Well, apparently I was wrong. Squirrels do just fall out of trees (well, baby squirrels at least) and as I went outside to call all the dogs back in he comes trotting over to me with his prize. I couldn't quite make out what it was, and as he sees me trying to get a closer look he repositions the dead thing in his mouth which makes me think he's going to gulp it down so I tell him to "DROP IT" to which he gives me this pathetic look and spits it out. A dead baby squirrel. I try to call him inside but he grabs it again as though he's going to just bring it in with him and I again tell him to "DROP IT" which he does and I grab his collar and walk him inside and hand him over to his daddy who I yell at to give him tons of cookies while I go investigate just what he had.

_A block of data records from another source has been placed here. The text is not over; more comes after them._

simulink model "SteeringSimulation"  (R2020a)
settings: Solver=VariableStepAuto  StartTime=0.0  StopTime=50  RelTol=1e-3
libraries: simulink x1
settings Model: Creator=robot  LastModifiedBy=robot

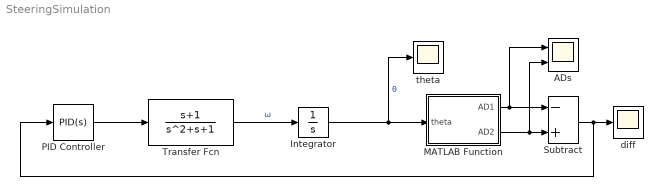
== system SteeringSimulation ==
  ADs : Scope  NumInputPorts=2
  Integrator : Integrator  InitialCondition=-1
  MATLAB Function : MATLAB Function  TreatAsAtomicUnit=on
  PID Controller : simulink/Continuous/PID Controller  Controller=PID  Form=Parallel  TimeDomain=Continuous-time  UseExternalTs=off  SampleTime=-1  IntegratorMethod=Forward Euler  FilterMethod=Forward Euler  ControllerParametersSource=internal  P=15.8218699709721  I=2.26814196058309  D=24.5225913069498  UseFilter=on  N=2808.2266335669  TunerSelectOption=Transfer Function Based (PID Tuner App)  InitialConditionSource=internal  InitialConditionForIntegrator=0  InitialConditionForFilter=0  DifferentiatorICPrevScaledInput=0  ExternalReset=none  TrackingMode=off  Kt=1  LimitOutput=off  UpperSaturationLimit=inf  LowerSaturationLimit=-inf  LinearizeAsGain=on  AntiWindupMode=none  Kb=1  POutMin=[]  POutMax=[]  IOutMin=[]  IOutMax=[]  DOutMin=[]  DOutMax=[]  NOutMin=[]  NOutMax=[]  SumOutMin=[]  SumOutMax=[]  SaturationOutMin=[]  SaturationOutMax=[]  PParamMin=[]  PParamMax=[]  IParamMin=[]  IParamMax=[]  DParamMin=[]  DParamMax=[]  NParamMin=[]  NParamMax=[]  KbParamMin=[]  KbParamMax=[]  KtParamMin=[]  KtParamMax=[]  KbOutMin=[]  KbOutMax=[]  KtOutMin=[]  KtOutMax=[]  IntegratorOutMin=[]  IntegratorOutMax=[]  FilterOutMin=[]  FilterOutMax=[]  SumI1OutMin=[]  SumI1OutMax=[]  SumI2OutMin=[]  SumI2OutMax=[]  SumI3OutMin=[]  SumI3OutMax=[]  SumI4OutMin=[]  SumI4OutMax=[]  SumDOutMin=[]  SumDOutMax=[]  DifferentiatorOutMin=[]  DifferentiatorOutMax=[]  FilterDiffOutCoefMin=[]  FilterDiffOutCoefMax=[]  ReciprocalOutMin=[]  ReciprocalOutMax=[]  SumDenOutMin=[]  SumDenOutMax=[]  SumNumOutMin=[]  SumNumOutMax=[]  DivideOutMin=[]  DivideOutMax=[]  UdiffTsProdOutMin=[]  UdiffTsProdOutMax=[]  NTsProdOutMin=[]  NTsProdOutMax=[]  UintegralTsProdOutMin=[]  UintegralTsProdOutMax=[]  UngainTsProdOutMin=[]  UngainTsProdOutMax=[]  IntegratorContinuousStateAttributes=''  IntegratorStateMustResolveToSignalObject=off  IntegratorRTWStateStorageClass=Auto  FilterContinuousStateAttributes=''  FilterStateMustResolveToSignalObject=off  FilterRTWStateStorageClass=Auto  ParallelPVariant=InternalParameters  IdealPVariant=Disabled  IVariant=InternalParameters  DVariant=InternalParameters  IntegratorVariant=Continuous  SatVariant=Disabled  AWVariant=Passthrough  PCopyVariant=Disabled  TRVariant=Disabled  FdbkBlocksVariant=Forward  IdealPFdbkVariant=Disabled  SatFdbkVariant=Disabled  DerivativeFilterVariant=ContFilter  NVariant=InternalParameters  NCopyVariant=Disabled  FilterICVariant=InternalICsFilter  IntegratorICVariant=InternalICs  ExternalResetVariant=Disabled  TRSumVariant=Passthrough  SumFdbkVariant=Disabled  SumVariant=Sum_PID  TsampFilterVariant=InternalTs  TsampNgainVariant=Passthrough  TsampIntegralVariant=Passthrough
  Subtract : Sum  Inputs=-+
  Transfer Fcn : TransferFcn  Numerator=[1 1]  Denominator=[1 1 1]
  diff : Scope
  theta : Scope
  wires:
  Transfer Fcn/1 -> Integrator/1  "ω"
  Integrator/1 -> theta/1, MATLAB Function/1(theta)  "θ"
  MATLAB Function/1(AD1) -> ADs/1, Subtract/1
  MATLAB Function/2(AD2) -> ADs/2, Subtract/2
  Subtract/1 -> PID Controller/1, diff/1
  PID Controller/1 -> Transfer Fcn/1

== matlab function SteeringSimulation/MATLAB Function ==
  data: theta input; AD1 output; AD2 output
function [AD1, AD2] = fcn(theta)
    % 左右のAD値はθ = 0付近では線形に変動するとしている。このAD値を実験データから求めた
    % 近似解の方程式に置き換えればPIDチューニングが可能かも？
    % また、ステアリングの伝達関数（または状態方程式）は無限に回転できる実験台に取り付けて
    % 実験してシステムどうすれば良いかも？

    F_ad1 = theta;
    F_ad2 = -theta;
    
    ad1 = 0;
    ad2 = 0;
    if theta > 0
        ad1 = F_ad1;
    elseif theta <= 0
        ad1 = 0; 
    end
    
    if theta > 0
        ad2 = 0;
    elseif theta <= 0
        ad2 = F_ad2; 
    end

    AD1 = ad1;
    AD2 = ad2;
end

This is what was in his mouth (I'm putting a link here instead of the picture for those who don't want to see it): http://i6.photobucket.com/albums/y238/flawlesserr/virgilsquirrel.jpg

So not a baby baby.. and I'm not sure he killed it (we have tons of cats that come into our yard)... but he had it for awhile because it's completely covered in Virgil drool 

I'm just happy he dropped it  This is the same dog that won't release a tennis ball even if the **** thing was on fire!!!!


----------



## BlackPuppy (Mar 29, 2007)

But, Mom! It's my new toy!

What a good doggie.


----------



## carmspack (Feb 2, 2011)

aw let him have it --


----------



## PaddyD (Jul 22, 2010)

Not long ago, Abby chased a squirrel up a tree and it was so excited that it ran
up the trunk, out a branch and missed its jump to the next tree and fell on the
ground in front of Abby's nose. They were both so surprised that they just 
stared at each other for a second then up the tree he went again and Abby
just stood there and watched, dumbfounded. Then she looked at me like "WTF
just happened?!"


----------



## I_LOVE_MY_MIKKO (Oct 4, 2006)

PaddyD said:


> Not long ago, Abby chased a squirrel up a tree and it was so excited that it ran
> up the trunk, out a branch and missed its jump to the next tree and fell on the
> ground in front of Abby's nose. They were both so surprised that they just
> stared at each other for a second then up the tree he went again and Abby
> ...


The same EXACT thing happened to Mikko!


----------



## BlackPuppy (Mar 29, 2007)

So, it's all about the chase. Seems I've heard that expression before.


----------



## WarrantsWifey (Dec 18, 2010)

It might have died from the fall?! Who knows.... Sometimes your half tempted to let them eat it......


----------



## GSDAlphaMom (Jul 20, 2010)

Off topic but I just have to say everytime I see you (e.rigby) on a thread, I start hearing the Beatles Eleanor Rigby!


----------



## HEINOLFGSD (May 9, 2011)

Virgil says, "Don't you like my new toy Mom??? I like it!"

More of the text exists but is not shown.